Team Angry Beaver out of Port Ludlow, representing the Skiff Sailing Foundation, was the third team to reach Victoria Harbor, at 9:25 a.m. Monday aboard a 40-foot sail and pedal boat.

Angry Beaver is skippered by Matt Pistay and crewed by Gavin Bracket, Brent Campbell, Alan Johnson, Mats Elf and Simon Miles. With a novel canting keel, it got the third-highest odds of winning in an R2AK poll.

Team Sail Like a Girl, which took first place last year, came into port in Victoria in ninth place at 10:19 a.m. on Monday, June 3.

Two teams, Big Lamposki and Texada, have already forfeited. Last year, of the 36 teams to leave Victoria for Ketchikan, only 21 made it.

Another hometown team to watch is North2Alaska. The six-man team is made up of Port Townsend natives Malachi Church, Henry Veitenhans, Joseph Veitenhans, Erik Pokorny and Henry and Joseph’s father Greg Veitenhans along with Tommy Gray.

The Veitenhans built the 25-foot aluminum Sharpie, called Johnny Horton, in their backyard. The team sailed the race in 2017, finishing in ten days. North2Alaska was the 26th team to make it to Victoria late Monday night.

The underdog in the race this year is team Funky Dory. Two crazies from Maine are piloting a 41-year-old, 15.9-foot wooden Swampscott dory. The course to the starting line has been long for Thor Belle and Pax Templeton. They decided to enter R2AK after meeting Karl Kruger, the man who paddled the 750 miles to Ketchikan in 2017.

Belle and Templeton found the dory, which had been stored outdoors for a decade, and restored it to racing trim. But just a few months before the race it was damaged in a car accident during transportation and the Mainers had to repair it again. The crash dislocated Belle’s shoulder. Templeton dislocated his elbow a few weeks before the wreck. Now the two are recuperating by trying to row to Alaska.

After taking off from Port Townsend, Funky Dory began to take on water, got a rock stuck in their centerboard and Belle’s shoulder injury was acting up. They decided to wait out the winds and camp just past Fort Worden and make their crossing on Tuesday.

“You may look at the tracker and think we’re insane but we’re not,” Belle told the race boss.

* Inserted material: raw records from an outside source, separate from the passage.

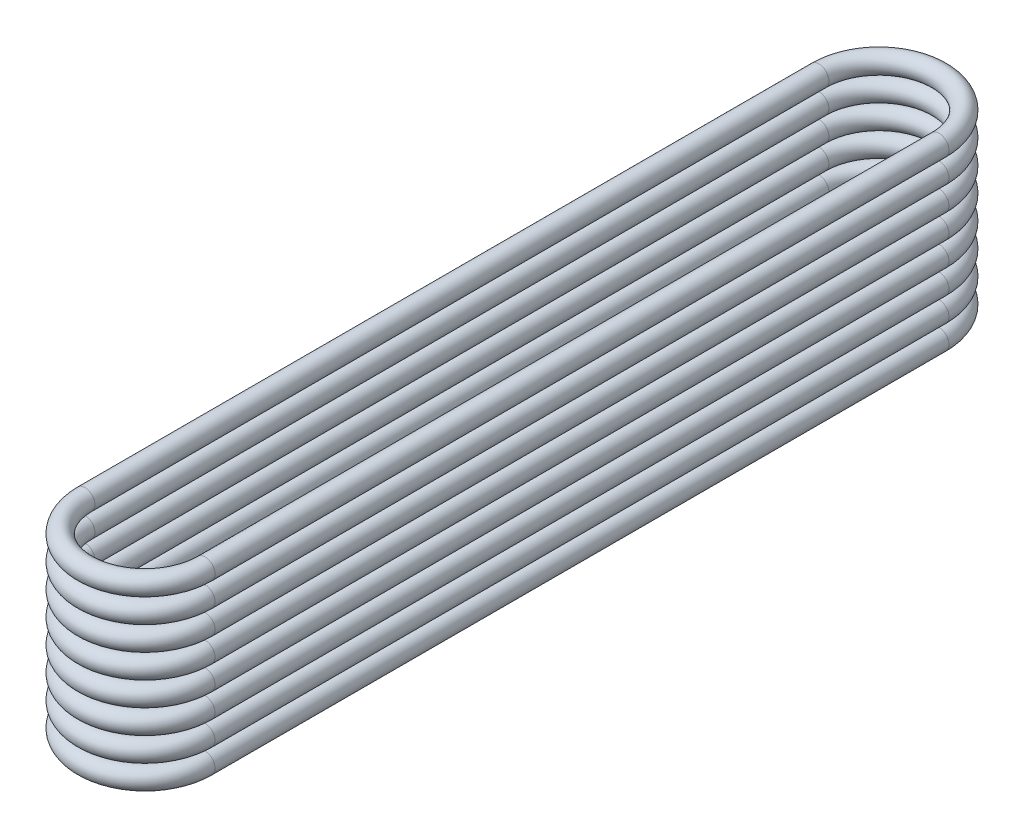
ISO-10303-21;
HEADER;
FILE_DESCRIPTION(('STEP AP214'),'2;1');
FILE_NAME('part.step','',(''),(''),'','','');
FILE_SCHEMA(('AUTOMOTIVE_DESIGN { 1 0 10303 214 1 1 1 1 }'));
ENDSEC;
DATA;
#1=APPLICATION_CONTEXT('core data for automotive mechanical design processes');
#2=APPLICATION_PROTOCOL_DEFINITION('international standard','automotive_design',2000,#1);
#3=PRODUCT_CONTEXT('',#1,'mechanical');
#4=PRODUCT('Part','Part','',(#3));
#5=PRODUCT_RELATED_PRODUCT_CATEGORY('part','',(#4));
#6=PRODUCT_DEFINITION_FORMATION('','',#4);
#7=PRODUCT_DEFINITION_CONTEXT('part definition',#1,'design');
#8=PRODUCT_DEFINITION('design','',#6,#7);
#9=PRODUCT_DEFINITION_SHAPE('','',#8);
#10=(LENGTH_UNIT() NAMED_UNIT(*) SI_UNIT(.MILLI.,.METRE.));
#11=(NAMED_UNIT(*) PLANE_ANGLE_UNIT() SI_UNIT($,.RADIAN.));
#12=(NAMED_UNIT(*) SI_UNIT($,.STERADIAN.) SOLID_ANGLE_UNIT());
#13=UNCERTAINTY_MEASURE_WITH_UNIT(LENGTH_MEASURE(1.E-05),#10,'distance_accuracy_value','');
#14=(GEOMETRIC_REPRESENTATION_CONTEXT(3) GLOBAL_UNCERTAINTY_ASSIGNED_CONTEXT((#13)) GLOBAL_UNIT_ASSIGNED_CONTEXT((#10,
#11,#12)) REPRESENTATION_CONTEXT('',''));
#15=CARTESIAN_POINT('',(0.,0.,0.));
#16=DIRECTION('',(0.,0.,1.));
#17=DIRECTION('',(1.,0.,0.));
#18=AXIS2_PLACEMENT_3D('',#15,#16,#17);
#19=CARTESIAN_POINT('',(2.28600000003875,-0.9144,0.));
#20=DIRECTION('',(0.,0.,-1.));
#21=DIRECTION('',(-1.,0.,0.));
#22=AXIS2_PLACEMENT_3D('',#19,#20,#21);
#23=CYLINDRICAL_SURFACE('',#22,0.381);
#24=CARTESIAN_POINT('',(2.28600000003875,-0.9144,-27.94));
#25=DIRECTION('',(0.,0.,1.));
#26=DIRECTION('',(1.,0.,0.));
#27=AXIS2_PLACEMENT_3D('',#24,#25,#26);
#28=CIRCLE('',#27,0.381);
#29=CARTESIAN_POINT('',(2.66700000003876,-0.9144,-27.94));
#30=VERTEX_POINT('',#29);
#31=EDGE_CURVE('P0_E47',#30,#30,#28,.T.);
#32=ORIENTED_EDGE('',*,*,#31,.T.);
#33=EDGE_LOOP('',(#32));
#34=FACE_BOUND('',#33,.T.);
#35=CARTESIAN_POINT('',(2.28600000003875,-0.9144,0.));
#36=DIRECTION('',(0.,0.,1.));
#37=DIRECTION('',(1.,0.,0.));
#38=AXIS2_PLACEMENT_3D('',#35,#36,#37);
#39=CIRCLE('',#38,0.381);
#40=CARTESIAN_POINT('',(2.66700000003874,-0.9144,0.));
#41=VERTEX_POINT('',#40);
#42=EDGE_CURVE('P0_E11',#41,#41,#39,.T.);
#43=ORIENTED_EDGE('',*,*,#42,.F.);
#44=EDGE_LOOP('',(#43));
#45=FACE_BOUND('',#44,.T.);
#46=ADVANCED_FACE('P0_F17',(#34,#45),#23,.T.);
#47=CARTESIAN_POINT('',(0.,-0.9144,0.));
#48=DIRECTION('',(0.,1.,0.));
#49=DIRECTION('',(0.,0.,1.));
#50=AXIS2_PLACEMENT_3D('',#47,#48,#49);
#51=TOROIDAL_SURFACE('',#50,2.28600000003875,0.381);
#52=ORIENTED_EDGE('',*,*,#42,.T.);
#53=EDGE_LOOP('',(#52));
#54=FACE_BOUND('',#53,.T.);
#55=CARTESIAN_POINT('',(-2.28600000003875,-0.9144,0.));
#56=DIRECTION('',(0.,0.,-1.));
#57=DIRECTION('',(-1.,0.,0.));
#58=AXIS2_PLACEMENT_3D('',#55,#56,#57);
#59=CIRCLE('',#58,0.381);
#60=CARTESIAN_POINT('',(-2.66700000003874,-0.9144,0.));
#61=VERTEX_POINT('',#60);
#62=EDGE_CURVE('P0_E28',#61,#61,#59,.T.);
#63=ORIENTED_EDGE('',*,*,#62,.F.);
#64=EDGE_LOOP('',(#63));
#65=FACE_BOUND('',#64,.T.);
#66=ADVANCED_FACE('P0_F69',(#54,#65),#51,.T.);
#67=CARTESIAN_POINT('',(-2.28600000003875,-0.9144,0.));
#68=DIRECTION('',(0.,0.,-1.));
#69=DIRECTION('',(-1.,0.,0.));
#70=AXIS2_PLACEMENT_3D('',#67,#68,#69);
#71=CYLINDRICAL_SURFACE('',#70,0.381);
#72=CARTESIAN_POINT('',(-2.28600000003875,-0.9144,-27.94));
#73=DIRECTION('',(0.,0.,-1.));
#74=DIRECTION('',(-1.,0.,0.));
#75=AXIS2_PLACEMENT_3D('',#72,#73,#74);
#76=CIRCLE('',#75,0.381);
#77=CARTESIAN_POINT('',(-2.66700000003874,-0.9144,-27.94));
#78=VERTEX_POINT('',#77);
#79=EDGE_CURVE('P0_E21',#78,#78,#76,.T.);
#80=ORIENTED_EDGE('',*,*,#79,.F.);
#81=EDGE_LOOP('',(#80));
#82=FACE_BOUND('',#81,.T.);
#83=ORIENTED_EDGE('',*,*,#62,.T.);
#84=EDGE_LOOP('',(#83));
#85=FACE_BOUND('',#84,.T.);
#86=ADVANCED_FACE('P0_F19',(#82,#85),#71,.T.);
#87=CARTESIAN_POINT('',(0.,-0.9144,-27.94));
#88=DIRECTION('',(0.,-1.,0.));
#89=DIRECTION('',(0.,0.,-1.));
#90=AXIS2_PLACEMENT_3D('',#87,#88,#89);
#91=TOROIDAL_SURFACE('',#90,2.28600000003875,0.381);
#92=ORIENTED_EDGE('',*,*,#31,.F.);
#93=EDGE_LOOP('',(#92));
#94=FACE_BOUND('',#93,.T.);
#95=ORIENTED_EDGE('',*,*,#79,.T.);
#96=EDGE_LOOP('',(#95));
#97=FACE_BOUND('',#96,.T.);
#98=ADVANCED_FACE('P0_F53',(#94,#97),#91,.T.);
#99=CLOSED_SHELL('',(#46,#66,#86,#98));
#100=MANIFOLD_SOLID_BREP('P0_B1',#99);
#101=CARTESIAN_POINT('',(2.28600000003875,-3.6576,0.));
#102=DIRECTION('',(0.,0.,-1.));
#103=DIRECTION('',(-1.,0.,0.));
#104=AXIS2_PLACEMENT_3D('',#101,#102,#103);
#105=CYLINDRICAL_SURFACE('',#104,0.381);
#106=CARTESIAN_POINT('',(2.28600000003875,-3.6576,-27.94));
#107=DIRECTION('',(0.,0.,1.));
#108=DIRECTION('',(1.,0.,0.));
#109=AXIS2_PLACEMENT_3D('',#106,#107,#108);
#110=CIRCLE('',#109,0.381);
#111=CARTESIAN_POINT('',(2.66700000003876,-3.6576,-27.94));
#112=VERTEX_POINT('',#111);
#113=EDGE_CURVE('P1_E21',#112,#112,#110,.T.);
#114=ORIENTED_EDGE('',*,*,#113,.T.);
#115=EDGE_LOOP('',(#114));
#116=FACE_BOUND('',#115,.T.);
#117=CARTESIAN_POINT('',(2.28600000003875,-3.6576,0.));
#118=DIRECTION('',(0.,0.,1.));
#119=DIRECTION('',(1.,0.,0.));
#120=AXIS2_PLACEMENT_3D('',#117,#118,#119);
#121=CIRCLE('',#120,0.381);
#122=CARTESIAN_POINT('',(2.66700000003874,-3.6576,0.));
#123=VERTEX_POINT('',#122);
#124=EDGE_CURVE('P1_E11',#123,#123,#121,.T.);
#125=ORIENTED_EDGE('',*,*,#124,.F.);
#126=EDGE_LOOP('',(#125));
#127=FACE_BOUND('',#126,.T.);
#128=ADVANCED_FACE('P1_F17',(#116,#127),#105,.T.);
#129=CARTESIAN_POINT('',(0.,-3.6576,0.));
#130=DIRECTION('',(0.,1.,0.));
#131=DIRECTION('',(0.,0.,1.));
#132=AXIS2_PLACEMENT_3D('',#129,#130,#131);
#133=TOROIDAL_SURFACE('',#132,2.28600000003875,0.381);
#134=ORIENTED_EDGE('',*,*,#124,.T.);
#135=EDGE_LOOP('',(#134));
#136=FACE_BOUND('',#135,.T.);
#137=CARTESIAN_POINT('',(-2.28600000003875,-3.6576,0.));
#138=DIRECTION('',(0.,0.,-1.));
#139=DIRECTION('',(-1.,0.,0.));
#140=AXIS2_PLACEMENT_3D('',#137,#138,#139);
#141=CIRCLE('',#140,0.381);
#142=CARTESIAN_POINT('',(-2.66700000003874,-3.6576,0.));
#143=VERTEX_POINT('',#142);
#144=EDGE_CURVE('P1_E28',#143,#143,#141,.T.);
#145=ORIENTED_EDGE('',*,*,#144,.F.);
#146=EDGE_LOOP('',(#145));
#147=FACE_BOUND('',#146,.T.);
#148=ADVANCED_FACE('P1_F68',(#136,#147),#133,.T.);
#149=CARTESIAN_POINT('',(-2.28600000003875,-3.6576,0.));
#150=DIRECTION('',(0.,0.,-1.));
#151=DIRECTION('',(-1.,0.,0.));
#152=AXIS2_PLACEMENT_3D('',#149,#150,#151);
#153=CYLINDRICAL_SURFACE('',#152,0.381);
#154=CARTESIAN_POINT('',(-2.28600000003875,-3.6576,-27.94));
#155=DIRECTION('',(0.,0.,-1.));
#156=DIRECTION('',(-1.,0.,0.));
#157=AXIS2_PLACEMENT_3D('',#154,#155,#156);
#158=CIRCLE('',#157,0.381);
#159=CARTESIAN_POINT('',(-2.66700000003874,-3.6576,-27.94));
#160=VERTEX_POINT('',#159);
#161=EDGE_CURVE('P1_E52',#160,#160,#158,.T.);
#162=ORIENTED_EDGE('',*,*,#161,.F.);
#163=EDGE_LOOP('',(#162));
#164=FACE_BOUND('',#163,.T.);
#165=ORIENTED_EDGE('',*,*,#144,.T.);
#166=EDGE_LOOP('',(#165));
#167=FACE_BOUND('',#166,.T.);
#168=ADVANCED_FACE('P1_F66',(#164,#167),#153,.T.);
#169=CARTESIAN_POINT('',(0.,-3.6576,-27.94));
#170=DIRECTION('',(0.,-1.,0.));
#171=DIRECTION('',(0.,0.,-1.));
#172=AXIS2_PLACEMENT_3D('',#169,#170,#171);
#173=TOROIDAL_SURFACE('',#172,2.28600000003875,0.381);
#174=ORIENTED_EDGE('',*,*,#113,.F.);
#175=EDGE_LOOP('',(#174));
#176=FACE_BOUND('',#175,.T.);
#177=ORIENTED_EDGE('',*,*,#161,.T.);
#178=EDGE_LOOP('',(#177));
#179=FACE_BOUND('',#178,.T.);
#180=ADVANCED_FACE('P1_F19',(#176,#179),#173,.T.);
#181=CLOSED_SHELL('',(#128,#148,#168,#180));
#182=MANIFOLD_SOLID_BREP('P1_B1',#181);
#183=CARTESIAN_POINT('',(2.28600000003875,-1.8288,0.));
#184=DIRECTION('',(0.,0.,-1.));
#185=DIRECTION('',(-1.,0.,0.));
#186=AXIS2_PLACEMENT_3D('',#183,#184,#185);
#187=CYLINDRICAL_SURFACE('',#186,0.381);
#188=CARTESIAN_POINT('',(2.28600000003875,-1.8288,-27.94));
#189=DIRECTION('',(0.,0.,1.));
#190=DIRECTION('',(1.,0.,0.));
#191=AXIS2_PLACEMENT_3D('',#188,#189,#190);
#192=CIRCLE('',#191,0.381);
#193=CARTESIAN_POINT('',(2.66700000003876,-1.8288,-27.94));
#194=VERTEX_POINT('',#193);
#195=EDGE_CURVE('P2_E44',#194,#194,#192,.T.);
#196=ORIENTED_EDGE('',*,*,#195,.T.);
#197=EDGE_LOOP('',(#196));
#198=FACE_BOUND('',#197,.T.);
#199=CARTESIAN_POINT('',(2.28600000003875,-1.8288,0.));
#200=DIRECTION('',(0.,0.,1.));
#201=DIRECTION('',(1.,0.,0.));
#202=AXIS2_PLACEMENT_3D('',#199,#200,#201);
#203=CIRCLE('',#202,0.381);
#204=CARTESIAN_POINT('',(2.66700000003874,-1.8288,0.));
#205=VERTEX_POINT('',#204);
#206=EDGE_CURVE('P2_E11',#205,#205,#203,.T.);
#207=ORIENTED_EDGE('',*,*,#206,.F.);
#208=EDGE_LOOP('',(#207));
#209=FACE_BOUND('',#208,.T.);
#210=ADVANCED_FACE('P2_F17',(#198,#209),#187,.T.);
#211=CARTESIAN_POINT('',(0.,-1.8288,0.));
#212=DIRECTION('',(0.,1.,0.));
#213=DIRECTION('',(0.,0.,1.));
#214=AXIS2_PLACEMENT_3D('',#211,#212,#213);
#215=TOROIDAL_SURFACE('',#214,2.28600000003875,0.381);
#216=ORIENTED_EDGE('',*,*,#206,.T.);
#217=EDGE_LOOP('',(#216));
#218=FACE_BOUND('',#217,.T.);
#219=CARTESIAN_POINT('',(-2.28600000003875,-1.8288,0.));
#220=DIRECTION('',(0.,0.,-1.));
#221=DIRECTION('',(-1.,0.,0.));
#222=AXIS2_PLACEMENT_3D('',#219,#220,#221);
#223=CIRCLE('',#222,0.381);
#224=CARTESIAN_POINT('',(-2.66700000003874,-1.8288,0.));
#225=VERTEX_POINT('',#224);
#226=EDGE_CURVE('P2_E20',#225,#225,#223,.T.);
#227=ORIENTED_EDGE('',*,*,#226,.F.);
#228=EDGE_LOOP('',(#227));
#229=FACE_BOUND('',#228,.T.);
#230=ADVANCED_FACE('P2_F69',(#218,#229),#215,.T.);
#231=CARTESIAN_POINT('',(-2.28600000003875,-1.8288,0.));
#232=DIRECTION('',(0.,0.,-1.));
#233=DIRECTION('',(-1.,0.,0.));
#234=AXIS2_PLACEMENT_3D('',#231,#232,#233);
#235=CYLINDRICAL_SURFACE('',#234,0.381);
#236=CARTESIAN_POINT('',(-2.28600000003875,-1.8288,-27.94));
#237=DIRECTION('',(0.,0.,-1.));
#238=DIRECTION('',(-1.,0.,0.));
#239=AXIS2_PLACEMENT_3D('',#236,#237,#238);
#240=CIRCLE('',#239,0.381);
#241=CARTESIAN_POINT('',(-2.66700000003874,-1.8288,-27.94));
#242=VERTEX_POINT('',#241);
#243=EDGE_CURVE('P2_E50',#242,#242,#240,.T.);
#244=ORIENTED_EDGE('',*,*,#243,.F.);
#245=EDGE_LOOP('',(#244));
#246=FACE_BOUND('',#245,.T.);
#247=ORIENTED_EDGE('',*,*,#226,.T.);
#248=EDGE_LOOP('',(#247));
#249=FACE_BOUND('',#248,.T.);
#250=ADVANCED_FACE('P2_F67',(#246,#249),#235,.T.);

On Tuesday morning, with the 36-hour proving ground deadline winding down, Evans said Funky Dory had repaired their boat and were back in business to cross the Strait. He described their attitude and determination to reach Victoria as unwavering.

After the 36-hour mark, which expires after Leader deadline, any teams not in Victoria will be disqualified from the full race. After one day to make repairs and rest, the teams going the full distance will strike out for Alaska on Thursday, June 6.